Sports
Guy Learmonth’s French revolution – Athletics Weekly
After rethinking his decision to retire and refusing to give up despite repeated injuries, Guy Learmonth using his Montpellier base to give himself one last shot, writes Mark Woods.
The long road to what Guy Learmonth hopes will end with a run to redemption this coming summer began not in his native Scottish Borders but across the ocean in France.
Neither did it take place on the sun-kissed south coast by the Mediterranean Sea where he has lived and trained for the last 16 months. Instead, it commenced on one of the far-flung territories which still form an integral part of his adopted nation – Gallic by design but very distinct in their outlook.
Guadeloupe, in the middle of the Caribbean, nestles almost 7000 kilometres and an eight-hour flight from Paris with a following wind. The family of Learmonth’s girlfriend, Olympic 800m finalist Renelle Lamote, hail from this remote but idyllic cluster of islands.
In the wake of a track campaign where both had to navigate the choppy waters of injury, they flew long-distance last autumn to regroup and restart towards 2026.
“It’s a beautiful part of the world,” declares the 33-year-old, a four-time UK indoor champion over 800m. “But it became a bit of a training camp. It just kick-started things with two weeks of easy running, and then slowly progressed into just some harder stuff. So I came back to Montpellier in much better shape than I was in 2024. And this time around, I’m not injured. Fingers crossed it stays that way.”

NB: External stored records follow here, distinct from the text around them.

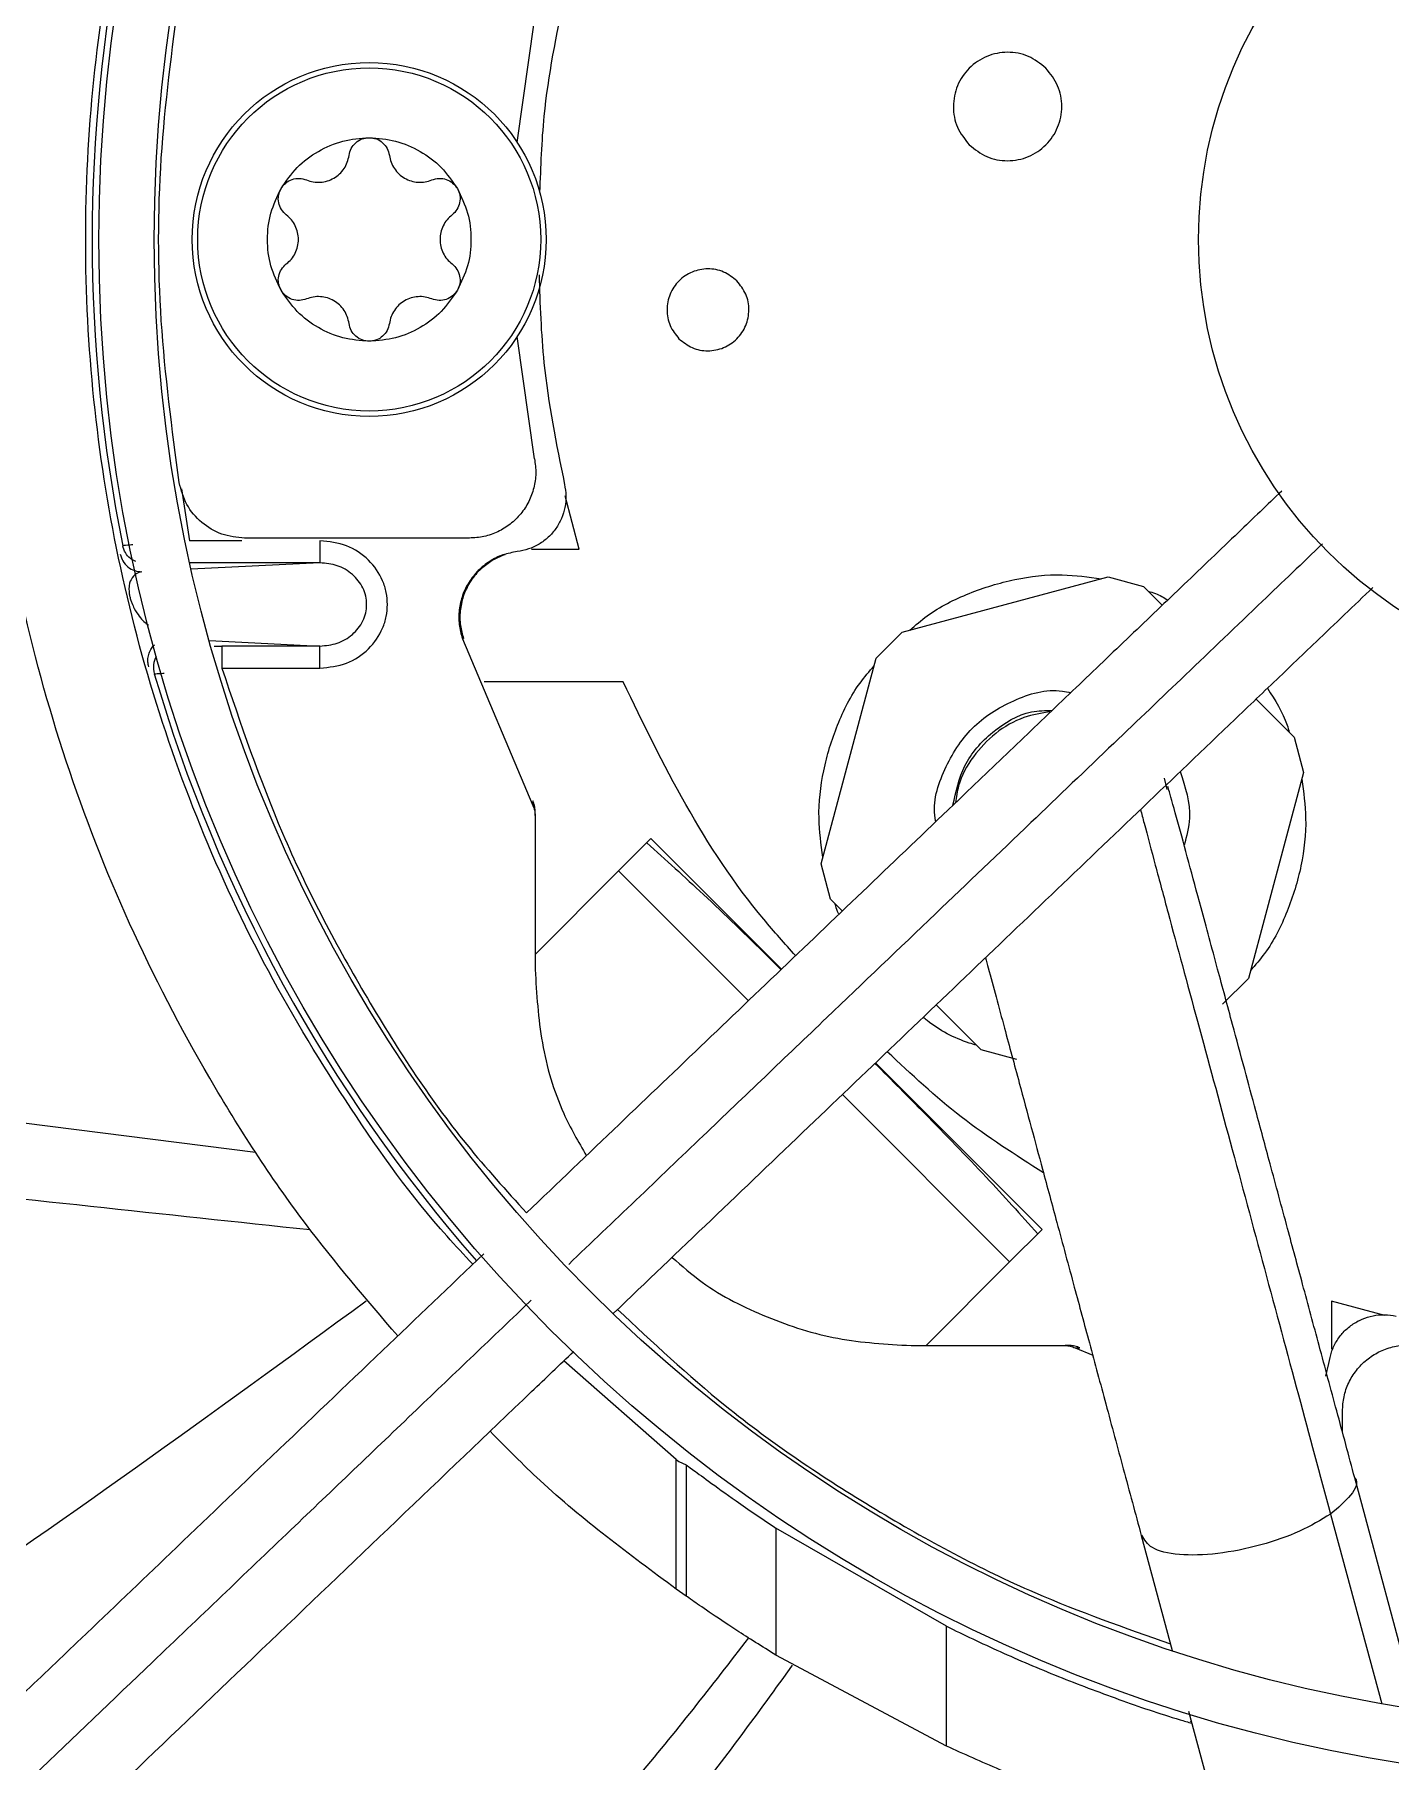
# Model space of a CAD drawing. Header units: inches. Extents: x 1229 to 1453, y -1023 to -720.
# Drawn here: x 1312.251 to 1314.665, y -988.186 to -985.112 of the extents above; entities that cross this region are included whole.
import ezdxf

# ---------------------------------------------------------------- set-up
doc = ezdxf.new("R2010")
doc.units = ezdxf.units.IN
doc.header["$MEASUREMENT"] = 0

msp = doc.modelspace()

# ---------------------------------------------------------------- linework, layer by layer
at = {"color": 18, "linetype": 'Continuous', "lineweight": 25, "true_color": 0x000000}
for p, q in [((1313.1102, -985.3044), (1313.1411, -985.0868)), ((1313.1411, -985.8676), (1313.1102, -985.6499)), ((1312.5126, -985.9213), (1312.5268, -986.0133)), ((1313.2208, -986.0284), (1313.1956, -985.9332)), ((1312.62, -986.0133), (1312.5268, -986.0133)), ((1313.0252, -986.0087), (1312.6251, -986.0087)), ((1312.7591, -986.0133), (1312.7591, -986.0527)), ((1313.1357, -986.0284), (1313.2208, -986.0284)), ((1312.7591, -986.0527), (1312.5274, -986.0527)), ((1312.7591, -986.0527), (1312.53, -986.0642)), ((1313.7955, -986.176), (1314.1619, -986.0778)), ((1314.1619, -986.0778), (1314.2248, -986.0947)), ((1314.2248, -986.0947), (1314.2584, -986.1282)), ((1312.5621, -986.191), (1312.7591, -986.2009)), ((1312.5707, -986.2009), (1312.5845, -986.2009)), ((1312.7591, -986.2009), (1312.5845, -986.2009)), ((1313.0127, -986.1878), (1313.0146, -986.1875)), ((1313.0127, -986.1878), (1313.1378, -986.4843)), ((1313.7494, -986.2221), (1313.7955, -986.176)), ((1313.6512, -986.5885), (1313.7494, -986.2221)), ((1312.5845, -986.2403), (1312.7591, -986.2403)), ((1313.2989, -986.2646), (1313.0516, -986.2646)), ((1314.4254, -986.2953), (1314.4931, -986.3629)), ((1314.4931, -986.3629), (1314.5099, -986.4259)), ((1314.2674, -986.4562), (1314.2623, -986.4361)), ((1314.5099, -986.4259), (1314.4118, -986.7923)), ((1313.1378, -986.4762), (1313.1378, -986.4843)), ((1313.1421, -986.5024), (1313.1421, -986.4939)), ((1313.1421, -986.5024), (1313.1421, -986.7764)), ((1313.3484, -986.5434), (1313.2908, -986.601)), ((1313.3484, -986.5434), (1313.5808, -986.7758)), ((1313.2908, -986.601), (1313.1421, -986.7497)), ((1313.5219, -986.832), (1313.2908, -986.601)), ((1313.6681, -986.6515), (1313.6512, -986.5885)), ((1313.689, -986.6724), (1313.6681, -986.6515)), ((1314.4118, -986.7923), (1314.3657, -986.8384)), ((1313.9363, -986.9197), (1313.856, -986.8394)), ((1310.7236, -986.86), (1312.6447, -987.1014)), ((1313.9993, -986.9366), (1313.9363, -986.9197)), ((1313.7478, -986.9428), (1314.0444, -987.2394)), ((1313.9868, -987.297), (1313.689, -986.9991)), ((1314.0444, -987.2394), (1313.9868, -987.297)), ((1313.9868, -987.297), (1313.8381, -987.4457)), ((1314.6546, -987.3921), (1314.5594, -987.3669)), ((1314.5594, -987.3669), (1314.5594, -987.4521)), ((1313.8114, -987.4457), (1314.0854, -987.4457)), ((1314.0938, -987.4457), (1314.0854, -987.4457)), ((1314.1035, -987.45), (1314.1116, -987.45)), ((1314.1035, -987.45), (1314.1346, -987.4631)), ((1313.3932, -987.6486), (1313.1932, -987.4729)), ((1314.5498, -987.5001), (1314.5551, -987.4774)), ((1314.5791, -987.5995), (1314.5791, -987.5626)), ((1313.3932, -987.8791), (1313.3932, -987.6486)), ((1313.3932, -987.6486), (1313.3977, -987.6521)), ((1313.3977, -987.6521), (1313.4111, -987.6583)), ((1313.4111, -987.6583), (1313.4111, -987.8918)), ((1314.7111, -988.0892), (1314.6011, -987.6812)), ((1313.8743, -987.9454), (1313.5705, -987.7705)), ((1313.5705, -987.7705), (1313.5705, -987.9965)), ((1314.558, -987.7456), (1314.649, -988.0831)), ((1314.2211, -987.7838), (1314.2762, -987.9884)), ((1313.4111, -987.8918), (1313.3932, -987.8791)), ((1313.8743, -988.1586), (1313.8743, -987.9454)), ((1313.8743, -988.1586), (1313.5705, -987.9965)), ((1314.3053, -988.0963), (1314.4337, -988.5723)), ((1314.3087, -988.1152), (1314.3081, -988.1147))]:
    msp.add_line(p, q, dxfattribs=at)
for centre, radius in [((1315.1106, -985.4772), 8.5704), ((1315.1106, -985.4772), 8.472), ((1315.1106, -985.4772), 6.6478), ((1315.1106, -985.4772), 6.5493), ((1315.1106, -985.4772), 4.7037), ((1315.1106, -985.4772), 4.6053), ((1315.1106, -985.4772), 2.745), ((1315.1106, -985.4772), 2.6465), ((1315.1106, -985.4772), 0.7874), ((1312.8468, -985.4772), 0.315), ((1312.8468, -985.4772), 0.3053)]:
    msp.add_circle(centre, radius, dxfattribs=at)
for centre, radius, start, end in [((1315.1106, -985.4772), 2.7569, 168.5929, 191.4071), ((1312.502, -986.2389), 0.0394, 150.1083, 196.2636), ((1315.1106, -985.4772), 2.7569, 196.2782, 221.2445)]:
    msp.add_arc(centre, radius, start, end, dxfattribs=at)
for points, knots in [([(1303.4011, -985.4772), (1303.4059, -985.2217), (1303.4156, -984.7108), (1303.4936, -983.9477), (1303.6177, -983.1911), (1303.792, -982.4444), (1304.0146, -981.7106), (1304.2847, -980.9929), (1304.6012, -980.2945), (1304.9626, -979.6182), (1305.3675, -978.9671), (1305.8142, -978.3438), (1306.3006, -977.751), (1306.8248, -977.1914), (1307.3845, -976.6672), (1307.9772, -976.1807), (1308.6005, -975.7341), (1309.2517, -975.3292), (1309.9279, -974.9677), (1310.6264, -974.6513), (1311.344, -974.3812), (1312.0778, -974.1586), (1312.8246, -973.9844), (1313.5811, -973.8595), (1314.3442, -973.7844), (1315.1106, -973.7593), (1315.877, -973.7844), (1316.6401, -973.8595), (1317.3967, -973.9844), (1318.1434, -974.1586), (1318.8772, -974.3812), (1319.5949, -974.6513), (1320.2933, -974.9677), (1320.9696, -975.3292), (1321.6207, -975.7341), (1322.244, -976.1807), (1322.8368, -976.6672), (1323.3964, -977.1914), (1323.9206, -977.751), (1324.407, -978.3438), (1324.8537, -978.9671), (1325.2586, -979.6182), (1325.6201, -980.2945), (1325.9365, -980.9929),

Twice a sixth-place finisher at European Indoor Championships, Learmonth had loudly signalled his intention to take his leave from athletics when his all-in quest to finally land an Olympic debut at Paris 2024 fell well short.
He took an extended break, cheerleading as his partner finished fifth at her home Games. There was latitude to relax and unwind but also to think deeply about whether this was really the finish line. “I felt like three months was a good amount of time for me to not make any rash decisions. But I knew after that I needed to make a change.
“Speaking to my family, they were like: ‘Come back home.’ I was like: ‘No, I can’t do it. I can’t run around the streets again. If I’m going to do it, I need to make a clean slate with everything: a completely new life, new training, new set-up.’”
One more go. Splitting from his Australian-based coach Justin Rinaldi, Learmonth relocated to join Lamote in Montpellier, where he turned to her mentor Bruno Gajer to engineer a reboot. Romance bloomed further.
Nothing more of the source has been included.